Ok ...so sorry to be a noob but i am planning a trip out to Seattle/Vancouver/Portland from Minneapolis. I am going mid-early may and want to hop a train. First problem, i have never done it before. I have been looking at BNSF maps a bit and dont fully understand how everything works. I am looking for Tips/Tricks/Warnings/Suggestions and anything else that will help. I will be traveling alone and hopefully with a folding bicycle that i am currently building (good idea or bad?) After Vancouver i am going to Juneau, AK and am planning on paying for a ferry out there...any suggestions on getting to Juneau?
Is this something i shouldn't do alone the first time?
How much time should i plan on the trip taking (i am sort of on a time schedule)
Thanks for being understanding ...everyone hops a train for the first time before they get into it


----------



## Doobie_D (Mar 25, 2007)

First off id take any plans/ time scheduels and throw em out the window.


----------



## bakerdoo (Mar 25, 2007)

i can leave a bit earlier and give my self an extra few days...its not a tight schedule
would that work?


----------



## Doobie_D (Mar 25, 2007)

you just never know sometimes. a couple days can turn into a couple weeks real quick wether you can help it or not. Just sayin i wouldnt bank on making it back at a certain point in time. Things happen sometimes. It took me 2 months to make it across Texas not too long ago. But generally you shouldnt have too much of a problem from Minne to Seattle. As its a busy line. And stacks gotta go to port sooner or later


----------



## danvan (Mar 26, 2007)

and dont be sorry for lack of experience !
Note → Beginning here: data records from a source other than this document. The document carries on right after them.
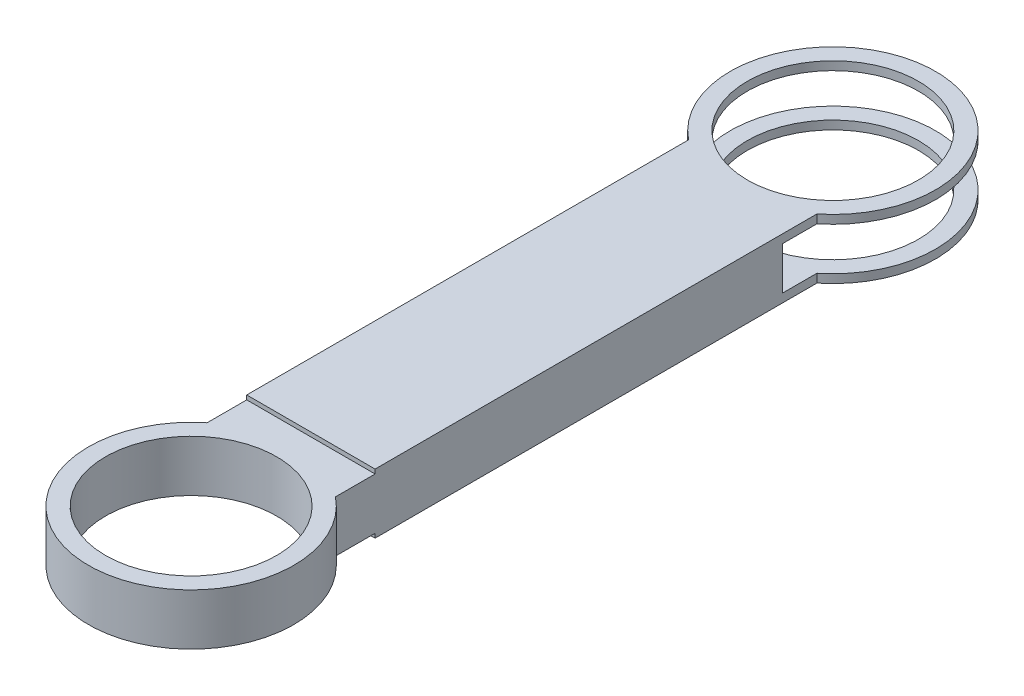
SolidWorks part; units mm, degrees
ref_plane "Front Plane" through (0, 0, 0) normal (0, 0, 1) x (1, 0, 0)
ref_plane "Top Plane" through (0, 0, 0) normal (0, 1, 0) x (1, 0, 0)
ref_plane "Right Plane" through (0, 0, 0) normal (1, 0, 0) x (0, 0, -1)
sketch "Profile Sketch" plane through (0, 0, 0) normal (0, 1, 0) x (1, 0, 0)
  line L0 (-7.5, 28.1325) -> (-7.5, -28.1325)
  line L1 (7.5, 28.1325) -> (7.5, -28.1325)
  line L2 (-7.5, 0) -> (7.5, 0) construction
  circle A0 centre (0, -37.5) radius 10
  circle A1 centre (0, 37.5) radius 10
  arc A2 (7.5, 28.1325) -> (-7.5, 28.1325) centre (0, 37.5) ccw
  arc A3 (-7.5, -28.1325) -> (7.5, -28.1325) centre (0, -37.5) ccw
  point P9 (-7.5, 0)
  point P12 (7.5, 0)
  point P13 (0, 0)
  dimension "D1" = 20
  dimension "D2" = 2
  dimension "D3" = 75
  dimension "D4" = 15
extrude "Profile Extrude" add sketch "Profile Sketch" along normal blind 7
sketch "Wrist Cut Sketch" plane through (0, 0, 0) normal (0, 1, 0) x (1, 0, 0)
  line L0 (-7.5, -28.1325) -> (-7.5, -23.5)
  line L1 (-7.5, -23.5) -> (7.5, -23.5)
  line L2 (7.5, -23.5) -> (7.5, -28.1325)
  line L3 (7.5, -28.1325) -> (7.5, 28.1325) construction
  line L4 (-7.5, 28.1325) -> (-7.5, -28.1325) construction
  arc A0 (-7.5, -28.1325) -> (7.5, -28.1325) centre (0, -37.5) ccw
  arc A1 (-7.5, -28.1325) -> (7.5, -28.1325) centre (0, -37.5) ccw construction
  circle A2 centre (0, -37.5) radius 10 construction
  dimension "D1" = 14
extrude "Upper Wrist Cut" cut sketch "Wrist Cut Sketch" along normal blind 0.5 from surface starting at face at (0, 0, 0)
extrude "Lower Wrist Cut" cut sketch "Sketch2<2>" against normal blind 0.5 from surface starting at face at (0, 7, 47.5)
sketch "Sketch2<2>" plane through (0, 0, 0) normal (0, 1, 0) x (1, 0, 0) same geometry as "Wrist Cut Sketch"
sketch "Finger Cut Sketch" plane through (0, 0, 0) normal (1, 0, 0) x (0, 0, -1)
  line L1 (49.5, 1) -> (24.1325, 1)
  line L2 (49.5, 1) -> (49.5, 6)
  line L3 (49.5, 6) -> (24.1325, 6)
  line L4 (24.1325, 1) -> (24.1325, 6)
  line L5 (49.5, 1) -> (24.1325, 6) construction
  line L6 (49.5, 6) -> (24.1325, 1) construction
  line L8 (49.5, 0) -> (49.5, 7) construction
  line L9 (28.1325, 7) -> (28.1325, 0) construction
  line L10 (49.5, 7) -> (28.1325, 7) construction
  line L11 (28.1325, 0) -> (49.5, 0) construction
  point P0 (36.8163, 3.5)
  dimension "D1" = 4
  dimension "D2" = 1
  dimension "D3" = 1
extrude "Finger Cut" cut sketch "Finger Cut Sketch" against normal up to surface and the other way up to surface up to face at (0, 3.5, -38.8163) other way up to face at (0, 3.5, -38.8163)
sketch "Sketch1" plane through (7.5, 0, 0) normal (1, 0, 0) x (0, 0, -1)
  line L0 (28.1325, 6) -> (28.1325, 1) construction
  line L1 (28.1325, 1) -> (24.1325, 1)
  line L2 (28.1325, 1) -> (28.1325, 6)
  line L3 (28.1325, 6) -> (24.1325, 6)
  line L4 (24.1325, 1) -> (24.1325, 6)
  line L5 (28.1325, 1) -> (24.1325, 6) construction
  line L6 (28.1325, 6) -> (24.1325, 1) construction
  line L9 (49.5, 1) -> (28.1325, 1) construction
  line L10 (28.1325, 6) -> (49.5, 6) construction
  point P0 (26.1325, 3.5)
  dimension "D1" = 4
extrude "Cut-Extrude2" cut sketch "Sketch1" against normal up to surface (15 mm away) up to face at (-7.5, 3.5, 3.7735)

everyone learns things for the first time 
and most people enjoy passing on said knowledge


----------



## Bendixontherails (Mar 26, 2007)

I find that time has to not be a concern, or you'll go nuts with impatience. like Doob said, you really never know... I have made it all the way across my state (KY) in 2 days (east to west), and I did the same route two months later and it took almost three weeks. if you hit the wrong train, miss the one you need, get screwed with by a worker, get arrested, twist an ankle... anything CAN happen. not to be negative, but remember Murphy's Law. 
people say that 90% of hoppin is waiting... and they are right most of the time. sometimes everything works out just right... and sometimes everything works out just wrong. just my 2cents.
Good luck.

if you can, find a partner the first time. might save your life. literally.


----------



## reXfeReL (Mar 26, 2007)

*bakerdoo wrote:*


> Ok ...so sorry to be a noob but i am planning a trip out to Seattle/Vancouver/Portland from Minneapolis. I am going mid-early may and want to hop a train. First problem, i have never done it before. I have been looking at BNSF maps a bit and dont fully understand how everything works. I am looking for Tips/Tricks/Warnings/Suggestions and anything else that will help. I will be traveling alone and hopefully with a folding bicycle that i am currently building (good idea or bad?) After Vancouver i am going to Juneau, AK and am planning on paying for a ferry out there...any suggestions on getting to Juneau?
> Is this something i shouldn't do alone the first time?
> How much time should i plan on the trip taking (i am sort of on a time schedule)
> Thanks for being understanding ...everyone hops a train for the first time before they get into it


ummm... do what you want but i would suggest finding a partner who has ridden before if it's your first time. But hey, fuck, shit.


----------



## bakerdoo (Mar 26, 2007)

I am working on finding someone to hop with but here are some more direct questions:
I have heard double stacked trains are priority trains and will usually travel faster and farther...is that true?
Would BNSF be the best train to hop going from MPLS to Seattle?
How afraid of the crew workers should i be?
thanks


----------



## Mady (Mar 26, 2007)

I wouldnt recommend traveling your first time without an experienced traveler, if you have noi choice just do some practice on unrailed train cars and make sure you know the safety rules. Just dont be dumb or brave.


----------



## Doobie_D (Mar 26, 2007)

BNSF is the only line between Minne and Seattle. straight shot wise anyways. Get rail map also if possible. Very handy to have.


----------



## solo (Mar 27, 2007)

First I would read "HOPPING FREIGHT TRAINS IN AMERICA", by Duffy Littlejohn. Don't learn about safety from carefree kids. 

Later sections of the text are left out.